Recent studies suggest that there should be an emphasis on prehabilitation soon after initiating the workup process for CAR-T therapy, maintaining function during active treatment, and close follow-up with rehabilitation especially if neurological sequelae persist (Obaisi, 2022; Kiefer, 2023). Effective interventions are urgently needed to improve the QoL and functional capacity in patients with hematological cancers undergoing CAR-T therapy (Cenik, 2020;Jeevanantham, 2021). Physical activity programs have been shown to impact psychological symptoms, fatigue, and quality of life (Vermaete, 2013, 2014). Crucially, no evidence has been presented to date for patients with hematologic malignancies while undergoing CAR-T therapy. Thus, studies exploring approaches to expand access to multimodal cancer rehabilitation practices in these patients are necessary to address the needs of the rapidly growing population of cancer survivors receiving CAR-T therapy. Recent systematic reviews demonstrated the high potential of telehealth approaches to facilitate cancer rehabilitation (Brick, 2022; Chang, 2022).
Home Automated Telemanagement (HAT). The HAT system is a telemedicine platform supporting patients in following individualized self-care plans and assisting healthcare practitioners in the treatment and monitoring of their patients according to evidence-based guidelines (Finkelstein, 2012; Fleg, 2020; Shero, 2022). HAT is based on the chronic disease care model (Grover, 2014) and provides support for patient self-management, comprehensive patient-provider communication, and multidisciplinary care coordination (Drouin, 2015). The main objective of the HAT system is to minimize the burden of chronic disease management and to simplify monitoring in ambulatory care. To achieve this goal, the HAT system is required (1) to support a constant information feedback loop between the patient and health care providers; (2) to take over all routine repetitive tasks; and (3) to provide real-time clinical decision support both for the patient and clinician. HAT has been successfully implemented and tested in a variety of chronic diseases.
Patient units are used at patient homes to guide patients in following their treatment plans including exercise and diet prescriptions, monitor patients' progress and symptoms, and to communicate with health care providers. Any web-enabled device can serve as a patient unit including touchscreen tablets, VR headsets, and smartphones. The home unit interface underwent rigorous usability testing (Jeong, 2015; Finkelstein, 2021; Gabriel, 2023) and is very simple to operate, even by those without any prior computer experience. The clinician units (any web-enabled device) are used to set up and update individualized treatment plans, analyze patient self-testing results, and review computer-generated alerts. The HAT server implements computerized decision support based on individualized alert setup and realtime monitoring of patient self-testing data. In this study, the HAT system will be focused on the delivery of a multimodal cancer rehabilitation program comprising individualized therapeutic physical exercise, nutrition plan, behavioral counseling, and tailored educational empowerment targeting the social, cognitive, reproductive, and vocational needs of blood cancer survivors.

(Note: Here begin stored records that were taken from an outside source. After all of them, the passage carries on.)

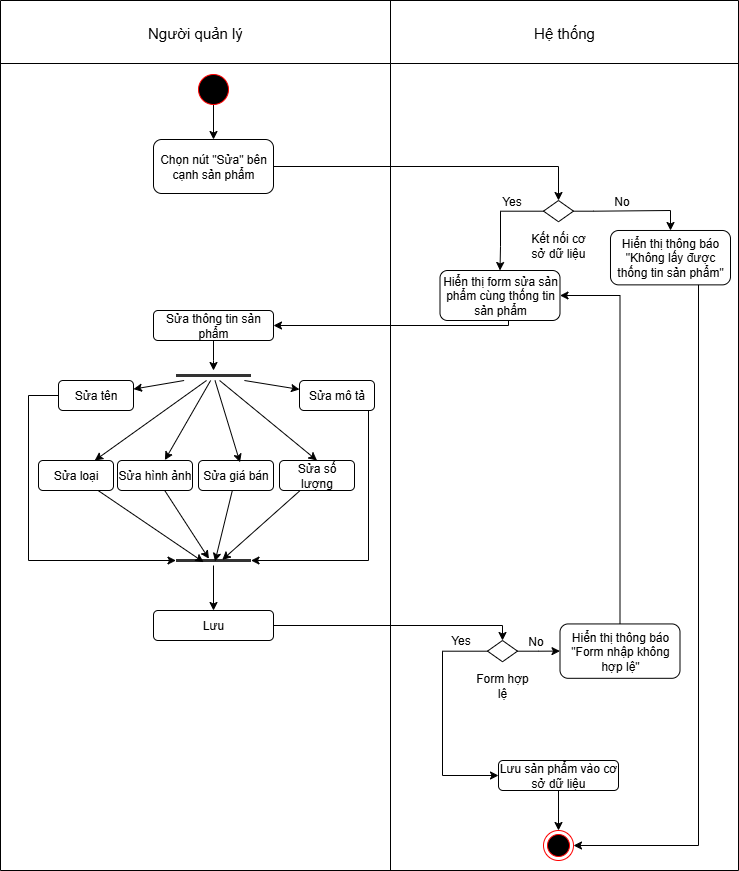

The diagram above was exported from draw.io. Its source (the exported page's mxGraphModel, read from the mxfile embedded in the PNG):
<mxGraphModel dx="725" dy="516" grid="1" gridSize="10" guides="1" tooltips="1" connect="1" arrows="1" fold="1" page="1" pageScale="1" pageWidth="850" pageHeight="1100" math="0" shadow="0">
  <root>
    <mxCell id="KT4hHlIQuunzvM1tWQq5-0" />
    <mxCell id="KT4hHlIQuunzvM1tWQq5-1" parent="KT4hHlIQuunzvM1tWQq5-0" />
    <mxCell id="KT4hHlIQuunzvM1tWQq5-2" value="" style="shape=table;startSize=0;container=1;collapsible=0;childLayout=tableLayout;movable=1;resizable=1;rotatable=1;deletable=1;editable=1;locked=0;connectable=1;" vertex="1" parent="KT4hHlIQuunzvM1tWQq5-1">
      <mxGeometry x="282" y="370" width="738" height="870" as="geometry" />
    </mxCell>
    <mxCell id="KT4hHlIQuunzvM1tWQq5-3" value="" style="shape=tableRow;horizontal=0;startSize=0;swimlaneHead=0;swimlaneBody=0;strokeColor=inherit;top=0;left=0;bottom=0;right=0;collapsible=0;dropTarget=0;fillColor=none;points=[[0,0.5],[1,0.5]];portConstraint=eastwest;movable=0;resizable=0;rotatable=0;deletable=0;editable=0;locked=1;connectable=0;" vertex="1" parent="KT4hHlIQuunzvM1tWQq5-2">
      <mxGeometry width="738" height="63" as="geometry" />
    </mxCell>
    <mxCell id="KT4hHlIQuunzvM1tWQq5-4" value="&lt;span style=&quot;font-size: 15px;&quot;&gt;Người quản lý&lt;/span&gt;" style="shape=partialRectangle;html=1;whiteSpace=wrap;connectable=0;strokeColor=inherit;overflow=hidden;fillColor=none;top=0;left=0;bottom=0;right=0;pointerEvents=1;movable=0;resizable=0;rotatable=0;deletable=0;editable=0;locked=1;" vertex="1" parent="KT4hHlIQuunzvM1tWQq5-3">
      <mxGeometry width="390" height="63" as="geometry">
        <mxRectangle width="390" height="63" as="alternateBounds" />
      </mxGeometry>
    </mxCell>
    <mxCell id="KT4hHlIQuunzvM1tWQq5-5" value="&lt;font style=&quot;font-size: 15px;&quot;&gt;Hệ thống&lt;/font&gt;" style="shape=partialRectangle;html=1;whiteSpace=wrap;connectable=0;strokeColor=inherit;overflow=hidden;fillColor=none;top=0;left=0;bottom=0;right=0;pointerEvents=1;movable=0;resizable=0;rotatable=0;deletable=0;editable=0;locked=1;" vertex="1" parent="KT4hHlIQuunzvM1tWQq5-3">
      <mxGeometry x="390" width="348" height="63" as="geometry">
        <mxRectangle width="348" height="63" as="alternateBounds" />
      </mxGeometry>
    </mxCell>
    <mxCell id="KT4hHlIQuunzvM1tWQq5-6" value="" style="shape=tableRow;horizontal=0;startSize=0;swimlaneHead=0;swimlaneBody=0;strokeColor=inherit;top=0;left=0;bottom=0;right=0;collapsible=0;dropTarget=0;fillColor=none;points=[[0,0.5],[1,0.5]];portConstraint=eastwest;movable=1;resizable=1;rotatable=1;deletable=1;editable=1;locked=0;connectable=1;" vertex="1" parent="KT4hHlIQuunzvM1tWQq5-2">
      <mxGeometry y="63" width="738" height="807" as="geometry" />
    </mxCell>
    <mxCell id="KT4hHlIQuunzvM1tWQq5-7" value="" style="shape=partialRectangle;html=1;whiteSpace=wrap;connectable=0;strokeColor=inherit;overflow=hidden;fillColor=none;top=0;left=0;bottom=0;right=0;pointerEvents=1;movable=0;resizable=0;rotatable=0;deletable=0;editable=0;locked=1;" vertex="1" parent="KT4hHlIQuunzvM1tWQq5-6">
      <mxGeometry width="390" height="807" as="geometry">
        <mxRectangle width="390" height="807" as="alternateBounds" />
      </mxGeometry>
    </mxCell>
    <mxCell id="KT4hHlIQuunzvM1tWQq5-8" value="" style="shape=partialRectangle;html=1;whiteSpace=wrap;connectable=1;strokeColor=inherit;overflow=hidden;fillColor=none;top=0;left=0;bottom=0;right=0;pointerEvents=1;movable=1;resizable=1;rotatable=1;deletable=1;editable=1;locked=0;" vertex="1" parent="KT4hHlIQuunzvM1tWQq5-6">
      <mxGeometry x="390" width="348" height="807" as="geometry">
        <mxRectangle width="348" height="807" as="alternateBounds" />
      </mxGeometry>
    </mxCell>
    <mxCell id="KT4hHlIQuunzvM1tWQq5-9" value="" style="edgeStyle=orthogonalEdgeStyle;rounded=0;orthogonalLoop=1;jettySize=auto;html=1;fontFamily=Helvetica;fontSize=12;fontColor=default;" edge="1" parent="KT4hHlIQuunzvM1tWQq5-1" source="KT4hHlIQuunzvM1tWQq5-10" target="KT4hHlIQuunzvM1tWQq5-12">
      <mxGeometry relative="1" as="geometry" />
    </mxCell>
    <mxCell id="KT4hHlIQuunzvM1tWQq5-10" value="" style="points=[[0.145,0.145,0],[0.5,0,0],[0.855,0.145,0],[1,0.5,0],[0.855,0.855,0],[0.5,1,0],[0.145,0.855,0],[0,0.5,0]];shape=mxgraph.bpmn.event;html=1;verticalLabelPosition=bottom;labelBackgroundColor=#ffffff;verticalAlign=top;align=center;perimeter=ellipsePerimeter;outlineConnect=0;aspect=fixed;outline=standard;symbol=general;strokeColor=#ff0000;fontFamily=Helvetica;fontSize=12;fontColor=default;fillColor=#000000;" vertex="1" parent="KT4hHlIQuunzvM1tWQq5-1">
      <mxGeometry x="480" y="444" width="30" height="30" as="geometry" />
    </mxCell>
    <mxCell id="muJAdm5yfA_7wc_FzieA-9" style="edgeStyle=orthogonalEdgeStyle;rounded=0;orthogonalLoop=1;jettySize=auto;html=1;entryX=0.5;entryY=0;entryDx=0;entryDy=0;fontFamily=Helvetica;fontSize=12;fontColor=default;" edge="1" parent="KT4hHlIQuunzvM1tWQq5-1" source="KT4hHlIQuunzvM1tWQq5-12" target="muJAdm5yfA_7wc_FzieA-2">
      <mxGeometry relative="1" as="geometry" />
    </mxCell>
    <mxCell id="KT4hHlIQuunzvM1tWQq5-12" value="Chọn nút &quot;Sửa&quot; bên cạnh sản phẩm" style="html=1;whiteSpace=wrap;rounded=1;strokeColor=default;align=center;verticalAlign=middle;fontFamily=Helvetica;fontSize=12;fontColor=default;fillColor=none;" vertex="1" parent="KT4hHlIQuunzvM1tWQq5-1">
      <mxGeometry x="435" y="509" width="120" height="54" as="geometry" />
    </mxCell>
    <mxCell id="KT4hHlIQuunzvM1tWQq5-13" style="edgeStyle=orthogonalEdgeStyle;rounded=0;orthogonalLoop=1;jettySize=auto;html=1;entryX=1;entryY=0.5;entryDx=0;entryDy=0;fontFamily=Helvetica;fontSize=12;fontColor=default;" edge="1" parent="KT4hHlIQuunzvM1tWQq5-1" source="KT4hHlIQuunzvM1tWQq5-14" target="KT4hHlIQuunzvM1tWQq5-28">
      <mxGeometry relative="1" as="geometry" />
    </mxCell>
    <mxCell id="KT4hHlIQuunzvM1tWQq5-14" value="Hiển thị thông báo &quot;Form nhập không hợp lệ&quot;" style="html=1;whiteSpace=wrap;rounded=1;strokeColor=default;align=center;verticalAlign=middle;fontFamily=Helvetica;fontSize=12;fontColor=default;fillColor=none;" vertex="1" parent="KT4hHlIQuunzvM1tWQq5-1">
      <mxGeometry x="841.5" y="993.4399999999999" width="120" height="54.37" as="geometry" />
    </mxCell>
    <mxCell id="KT4hHlIQuunzvM1tWQq5-15" value="No" style="edgeLabel;html=1;align=center;verticalAlign=middle;resizable=0;points=[];rounded=1;strokeColor=default;fontFamily=Helvetica;fontSize=12;fontColor=default;fillColor=none;" vertex="1" connectable="0" parent="KT4hHlIQuunzvM1tWQq5-1">
      <mxGeometry x="824" y="1010" as="geometry">
        <mxPoint x="-8" as="offset" />
      </mxGeometry>
    </mxCell>
    <mxCell id="KT4hHlIQuunzvM1tWQq5-16" value="" style="ellipse;html=1;shape=endState;fillColor=#000000;strokeColor=#ff0000;rounded=1;align=center;verticalAlign=middle;fontFamily=Helvetica;fontSize=12;fontColor=default;" vertex="1" parent="KT4hHlIQuunzvM1tWQq5-1">
      <mxGeometry x="825" y="1200" width="30" height="30" as="geometry" />
    </mxCell>
    <mxCell id="KT4hHlIQuunzvM1tWQq5-17" value="" style="rounded=0;orthogonalLoop=1;jettySize=auto;html=1;fontFamily=Helvetica;fontSize=12;fontColor=default;" edge="1" parent="KT4hHlIQuunzvM1tWQq5-1" source="KT4hHlIQuunzvM1tWQq5-21" target="KT4hHlIQuunzvM1tWQq5-31">
      <mxGeometry relative="1" as="geometry" />
    </mxCell>
    <mxCell id="KT4hHlIQuunzvM1tWQq5-18" value="" style="rounded=0;orthogonalLoop=1;jettySize=auto;html=1;fontFamily=Helvetica;fontSize=12;fontColor=default;" edge="1" parent="KT4hHlIQuunzvM1tWQq5-1" source="KT4hHlIQuunzvM1tWQq5-21" target="KT4hHlIQuunzvM1tWQq5-33">
      <mxGeometry relative="1" as="geometry" />
    </mxCell>
    <mxCell id="KT4hHlIQuunzvM1tWQq5-19" style="rounded=0;orthogonalLoop=1;jettySize=auto;html=1;entryX=0.75;entryY=0;entryDx=0;entryDy=0;fontFamily=Helvetica;fontSize=12;fontColor=default;" edge="1" parent="KT4hHlIQuunzvM1tWQq5-1" source="KT4hHlIQuunzvM1tWQq5-21" target="KT4hHlIQuunzvM1tWQq5-32">
      <mxGeometry relative="1" as="geometry" />
    </mxCell>
    <mxCell id="KT4hHlIQuunzvM1tWQq5-20" style="rounded=0;orthogonalLoop=1;jettySize=auto;html=1;entryX=0.5;entryY=0;entryDx=0;entryDy=0;fontFamily=Helvetica;fontSize=12;fontColor=default;" edge="1" parent="KT4hHlIQuunzvM1tWQq5-1" source="KT4hHlIQuunzvM1tWQq5-21" target="KT4hHlIQuunzvM1tWQq5-36">
      <mxGeometry relative="1" as="geometry" />
    </mxCell>
    <mxCell id="KT4hHlIQuunzvM1tWQq5-21" value="" style="shape=line;html=1;strokeWidth=3;strokeColor=#333333;rounded=1;align=center;verticalAlign=middle;fontFamily=Helvetica;fontSize=12;fontColor=default;fillColor=none;" vertex="1" parent="KT4hHlIQuunzvM1tWQq5-1">
      <mxGeometry x="457.5" y="740" width="75" height="10" as="geometry" />
    </mxCell>
    <mxCell id="KT4hHlIQuunzvM1tWQq5-22" value="" style="group" vertex="1" connectable="0" parent="KT4hHlIQuunzvM1tWQq5-1">
      <mxGeometry x="754" y="1010" width="60" height="60" as="geometry" />
    </mxCell>
    <mxCell id="KT4hHlIQuunzvM1tWQq5-23" value="" style="rhombus;whiteSpace=wrap;html=1;rounded=0;strokeColor=default;align=center;verticalAlign=middle;fontFamily=Helvetica;fontSize=12;fontColor=default;fillColor=none;" vertex="1" parent="KT4hHlIQuunzvM1tWQq5-22">
      <mxGeometry x="15" width="30" height="21.25" as="geometry" />
    </mxCell>
    <mxCell id="KT4hHlIQuunzvM1tWQq5-24" value="Form hợp lệ" style="text;html=1;align=center;verticalAlign=middle;whiteSpace=wrap;rounded=0;fontFamily=Helvetica;fontSize=12;fontColor=default;" vertex="1" parent="KT4hHlIQuunzvM1tWQq5-22">
      <mxGeometry y="30" width="60" height="30" as="geometry" />
    </mxCell>
    <mxCell id="KT4hHlIQuunzvM1tWQq5-25" value="" style="edgeStyle=orthogonalEdgeStyle;rounded=0;orthogonalLoop=1;jettySize=auto;html=1;fontFamily=Helvetica;fontSize=12;fontColor=default;" edge="1" parent="KT4hHlIQuunzvM1tWQq5-1" source="KT4hHlIQuunzvM1tWQq5-26" target="KT4hHlIQuunzvM1tWQq5-16">
      <mxGeometry relative="1" as="geometry" />
    </mxCell>
    <mxCell id="KT4hHlIQuunzvM1tWQq5-26" value="Lưu sản phẩm vào cơ sở dữ liệu" style="html=1;whiteSpace=wrap;rounded=1;strokeColor=default;align=center;verticalAlign=middle;fontFamily=Helvetica;fontSize=12;fontColor=default;fillColor=none;" vertex="1" parent="KT4hHlIQuunzvM1tWQq5-1">
      <mxGeometry x="780" y="1130" width="120" height="30" as="geometry" />
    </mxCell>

The proposed multimodal telerehabilitation model allows a rehabilitation therapy team to set up individualized rehabilitation plans using a web-based care management portal and monitor patient progress online. Patients at home follow a safe and effective personalized exercise and nutrition plan guided by interactive touch-screen technology combined with behavioral counseling, social support, and interactive education and empowerment. The design of the telerehabilitation system is based on the cloud-based Internet-of-Things architecture allowing real-time monitoring of cardiovascular parameters and exercise performance. The patient's level of exertion during exercise is automatically identified by a validated AI-driven algorithm supporting exercise safety and efficacy. The ultimate goal of this pilot feasibility project is to establish the extent of the impact of the proposed patient-centered cancer telerehabilitation model on disease-specific quality of life, and functional and symptom outcomes and to obtain sufficient evidence for a definitive randomized clinical trial evaluating this approach in a multi-center study.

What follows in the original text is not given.